Edmond patted his friend. "It's okay, man. You get a share anyway."

"Actually, if we go we have to take him with us," Lawrence said. "There's nobody here to give him the kind of care he needs. He can ride in the back of the jeep."

It surprised them, but they didn't object.

"I'm on for it," Karl said. "Fucking Z-B. If there's really any of that metal up there, I can walk away from the bastards."

"Sign me up," Odel said.

"Me too," Edmond agreed.

"You're not leaving me behind," Dennis said.

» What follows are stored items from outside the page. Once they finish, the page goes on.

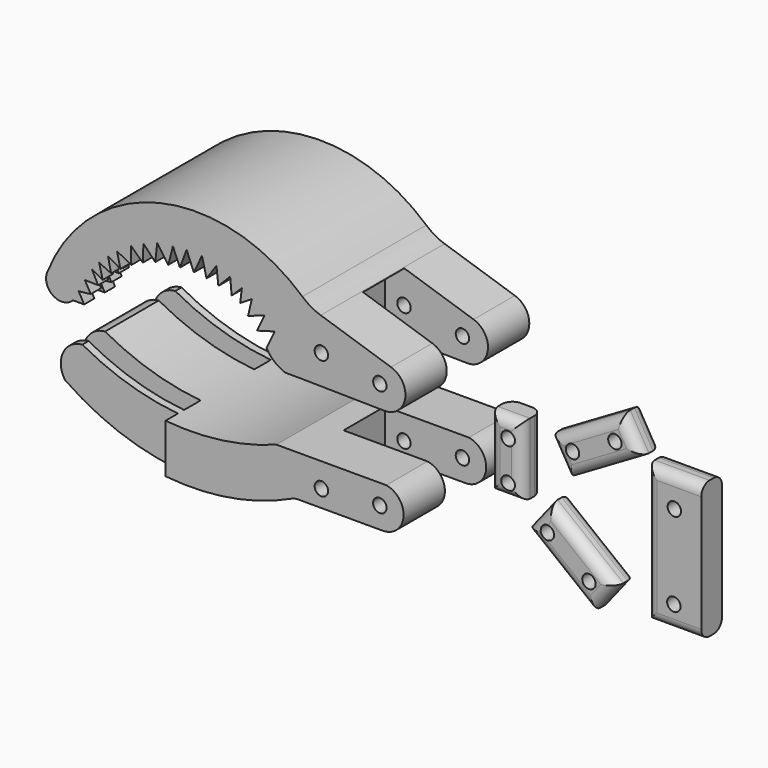
from build123d import *

# Parameters (mm, degrees)
F2_DEPTH       = 38.1
F3_DEPTH       = 38.1
F1_W           = 6.35
F1_H           = 59.9533222238
F4_DEPTH       = 50.8
F1_W_2         = 38.1
F7_DEPTH       = 101.6
F11_D          = 6.604
F11_2_D        = 6.604
F12_W          = 25.4
F12_H          = 93.7925264519
F13_DEPTH      = 25.4
F16_D          = 6.604
F16_DEPTH      = 38.101
F16_2_D        = 6.604
F16_2_DEPTH    = 38.101
F17_D          = 6.604
F17_2_D        = 6.604
F18_W          = 7.62
F18_H          = 40.64
F19_DEPTH      = 76.2
F18_W_2        = 10.16
F0_W           = 15.8650130033
F0_H           = 34.8350182176
F22_DEPTH      = 12.7
F0_W_2         = 26.9726514816
F0_H_2         = 67.5600729883
F23_D          = 6.604
F23_2_D        = 6.604
F23_3_D        = 6.604
F23_4_D        = 6.604
F24_T1_DEPTH   = 60.2350182176
F24_T3_DEPTH   = 41.2650130033
F24_2_T1_DEPTH = 43.5777924299
F24_2_T3_DEPTH = 43.5777924299
F24_2_T5_DEPTH = 66.6787329406
F24_2_T7_DEPTH = 66.6787329406
F24_3_T1_DEPTH = 52.3726514816
F24_3_T3_DEPTH = 92.9600729883
F24_4_T1_DEPTH = 66.6787329406
F24_4_T3_DEPTH = 66.6787329406
F24_4_T5_DEPTH = 43.5777924299
F24_4_T7_DEPTH = 43.5777924299


# Not quite as in the source:
# - a fillet or chamfer that OpenCascade refuses, or shapes differently, is made with other operations: its cross-section is extruded or revolved along the edge and cut away or added


with BuildPart() as f2:
    # F0 (on Front) → F2 (new body, symmetric)
    with BuildSketch(Plane.XZ):
        with BuildLine():
            ThreePointArc((-128.8251806366, 24.5439261482), (-120.2352063415, 28.3244505451), (-114.4677234787, 20.9206566167))
            ThreePointArc((-114.4677234787, 20.9206566167), (-115.0121445518, 18.0890647902), (-116.567776135, 15.6612433482))
            Line((-116.567776135, 15.6612433482), (-111.0370755196, 15.6612433482))
            Line((-111.0370755196, 15.6612433482), (-113.6851459746, 20.5360539255))
            Line((-113.6851459746, 20.5360539255), (-107.745103538, 21.214004606))
            Line((-107.745103538, 21.214004606), (-110.6837838888, 26.4116507024))
            Line((-110.6837838888, 26.4116507024), (-104.1332259774, 26.230096817))
            Line((-104.1332259774, 26.230096817), (-107.1282997727, 32.1294739842))
            Line((-107.1282997727, 32.1294739842), (-101.9096150994, 29.2251650244))
            Line((-101.9096150994, 29.2251650244), (-103.6340519786, 36.2136624753))
            Line((-103.6340519786, 36.2136624753), (-97.7411866188, 33.430468291))
            Line((-97.7411866188, 33.430468291), (-99.2413535714, 40.3858050704))
            Line((-99.2413535714, 40.3858050704), (-93.1724831462, 36.8399471045))
            Line((-93.1724831462, 36.8399471045), (-94.8431268334, 44.0680421889))
            Line((-94.8431268334, 44.0680421889), (-87.853692472, 40.2494259179))
            Line((-87.853692472, 40.2494259179), (-87.853692472, 48.4662689269))
            Line((-87.853692472, 48.4662689269), (-82.1257680654, 43.1474819779))
            Line((-82.1257680654, 43.1474819779), (-81.8530097604, 51.6029894352))
            Line((-81.8530097604, 51.6029894352), (-76.0227963328, 45.3636422753))
            Line((-76.0227963328, 45.3636422753), (-75.0340521335, 53.9896264672))
            Line((-75.0340521335, 53.9896264672), (-69.6129798889, 46.2842024863))
            Line((-69.6129798889, 46.2842024863), (-67.3286244273, 55.1488474011))
            Line((-67.3286244273, 55.1488474011), (-63.8850554824, 46.9320043921))
            Line((-63.8850554824, 46.9320043921), (-60.5778545141, 55.8307431638))
            Line((-60.5778545141, 55.8307431638), (-57.0319965482, 47.0683835447))
            Line((-57.0319965482, 47.0683835447), (-53.008813411, 55.6943640113))
            Line((-53.008813411, 55.6943640113), (-50.7926493883, 46.5228669345))
            Line((-50.7926493883, 46.5228669345), (-45.9170974791, 53.6486767232))
            Line((-45.9170974791, 53.6486767232), (-44.9624434113, 45.1590754092))
            Line((-44.9624434113, 45.1590754092), (-39.1663275659, 51.1597581208))
            Line((-39.1663275659, 51.1597581208), (-38.4162440896, 43.1474819779))
            Line((-38.4162440896, 43.1474819779), (-33.4043093026, 47.9889400303))
            Line((-33.4043093026, 47.9889400303), (-34.2225842178, 41.2722676992))
            Line((-34.2225842178, 41.2722676992), (-28.4946598112, 44.8181256652))
            Line((-28.4946598112, 44.8181256652), (-30.3357802331, 36.9081310928))
            Line((-30.3357802331, 36.9081310928), (-22.2009439021, 39.8494154215))
            Line((-22.2009439021, 39.8494154215), (-26.0398332029, 31.9643877447))
            Line((-26.0398332029, 31.9643877447), (-17.2234997153, 34.4656482339))
            Line((-17.2234997153, 34.4656482339), (-21.2665628641, 25.99779889))
            ThreePointArc((-21.2665628641, 25.99779889), (-17.3327439292, 21.2846448873), (-11.9722324247, 18.2923767716))
            Line((-11.9722324247, 18.2923767716), (-5.0168965772, 18.2923767716))
            Line((-5.0168965772, 18.2923767716), (36.7117887588, 17.6685203985))
            ThreePointArc((36.7117887588, 17.6685203985), (26.7700458222, 29.5718005255), (40.0189591139, 37.6336010062))
            Line((40.0189591139, 37.6336010062), (5.4235169889, 48.8439725139))
            ThreePointArc((5.4235169889, 48.8439725139), (0.643395485, 50.9582523352), (-3.6027484392, 54.0062028812))
            ThreePointArc((-3.6027484392, 54.0062028812), (-73.8525944836, 71.7412526891), (-128.8251806366, 24.5439261482))
        make_face()
        with BuildLine():
            ThreePointArc((-116.567776135, 15.6612433482), (-115.0121445518, 18.0890647902), (-114.4677234787, 20.9206566167))
            ThreePointArc((-114.4677234787, 20.9206566167), (-120.2352063415, 28.3244505451), (-128.8251806366, 24.5439261482))
            ThreePointArc((-128.8251806366, 24.5439261482), (-129.0377711486, 17.7229988191), (-123.7120369893, 13.4560561175))
            ThreePointArc((-123.7120369893, 13.4560561175), (-119.8571320545, 13.6226834922), (-116.5758461433, 15.6527621871))
            Line((-116.5758461433, 15.6527621871), (-116.5844935908, 15.6612433482))
            Line((-116.5844935908, 15.6612433482), (-116.567776135, 15.6612433482))
        make_face()
        with BuildLine():
            ThreePointArc((47.0970060859, 27.8996361516), (45.1404294961, 33.9172939337), (40.0189591139, 37.6336010062))
            ThreePointArc((40.0189591139, 37.6336010062), (26.7700458222, 29.5718005255), (36.7117887588, 17.6685203985))
            ThreePointArc((36.7117887588, 17.6685203985), (44.0457642548, 20.610458069), (47.0970060859, 27.8996361516))
        make_face()
    extrude(amount=F2_DEPTH, both=True)


with BuildPart() as f3:
    # F0 (on Front) → F3 (new body, symmetric)
    with BuildSketch(Plane.XZ):
        with BuildLine():
            ThreePointArc((-16.3927662015, -14.2879039049), (-67.9891228697, -21.918815215), (-117.9927662015, -7.0847165771))
            ThreePointArc((-117.9927662015, -7.0847165771), (-127.4987000517, -13.6840940744), (-126.5054345131, -25.2135340124))
            ThreePointArc((-126.5054345131, -25.2135340124), (-68.9044594779, -45.9426399436), (-8.6425119871, -35.1692541094))
            ThreePointArc((-8.6425119871, -35.1692541094), (-7.3286334335, -34.7213280214), (-5.9488167833, -34.5696024597))
            Line((-5.9488167833, -34.5696024597), (35.9885878861, -34.5696024597))
            ThreePointArc((35.9885878861, -34.5696024597), (46.1644449099, -25.2048799221), (37.6752912998, -14.2879039049))
            Line((37.6752912998, -14.2879039049), (-16.3927662015, -14.2879039049))
        make_face()
    extrude(amount=F3_DEPTH, both=True)


with BuildPart() as f4:
    # F1 (on Right) → F4 (new body, symmetric)
    with BuildSketch(Plane.YZ):
        with Locations((-28.575, 0)):
            Rectangle(F1_W, F1_H)
    extrude(amount=F4_DEPTH, both=True)


with BuildPart() as f4b:
    # F1 (on Right) → F4, piece 2 (new body, symmetric)
    with BuildSketch(Plane.YZ):
        with Locations((28.575, 0)):
            Rectangle(F1_W, F1_H)
    extrude(amount=F4_DEPTH, both=True)


with BuildPart() as f4c:
    # F1 (on Right) → F4, piece 3 (new body, symmetric)
    with BuildSketch(Plane.YZ):
        Rectangle(F1_W_2, F1_H)
    extrude(amount=F4_DEPTH, both=True)


with BuildPart() as f4b_1:
    # F5: moved
    add(f4b.part.moved(Location((-127.83619, 0, 26.70263))))


with BuildPart() as f4c_1:
    # F5: moved
    add(f4c.part.moved(Location((-127.83619, 0, 26.70263))))


with BuildPart() as f4_1:
    # F5: moved
    add(f4.part.moved(Location((-127.83619, 0, 26.70263))))


with BuildPart() as f2_1:
    add(f2.part)

    # F6: cut F4b, F4c, F4
    add(f4b_1.part, mode=Mode.SUBTRACT)
    add(f4c_1.part, mode=Mode.SUBTRACT)
    add(f4_1.part, mode=Mode.SUBTRACT)

    # F11 (through all)
    with Locations(Plane.XZ.offset(38.1)):
        with Locations((34.5100872219, 28.6537986249), (34.5100872219, -24.0924805403)):
            Hole(F11_D / 2)


with BuildPart() as f7:
    # F1 (on Right) → F7 (new body)
    with BuildSketch(Plane.YZ):
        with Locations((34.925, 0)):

"Congratulations," Amersy said. "That makes it a full set."

 

Denise had managed to keep her emotions in check for so long now, she'd almost forgotten they were there, squatting at the back of her mind. She'd told herself her immunity from distraction was due to the d-writing she'd undergone; that objectivity and rationality had been installed along with all the other enhancements. The news about Josep had exposed that for the self-deception that it truly was. Ray had called her an hour after he was supposed to have left the spaceport, saying he hadn't reported in. Then his Prime started intercepting heavily encrypted messages flashing between the spaceport and the East Wing of the Eagle Manor, where Z-B's intelligence staff had set up office. Several of them referred to "the prisoner"; they covered requests for personnel and equipment, mainly from the medical department.

"They're getting ready to interrogate him," Ray said.

Denise fought hard to suppress the dismay that had risen from nowhere. "Do you mean torture?" she asked levelly.

"No, it'll be drugs and brain scans. That's why they want the medical people."

"Can you get him out?"

"I don't even know for sure where he's being kept, yet, but I'm pretty sure it's the spaceport. They disconnected it from the datapool fifteen minutes ago. Which gives us a problem in trying to track down his physical whereabouts inside. And even if I did, it would take time to retrieve him. He'll be under the heaviest guard they have. Denise... I don't think I'll be able to get him out and safeguard the mission as well."

"I see."

"He knew that. You and I both knew this was a possibility, too. We've always accepted this risk."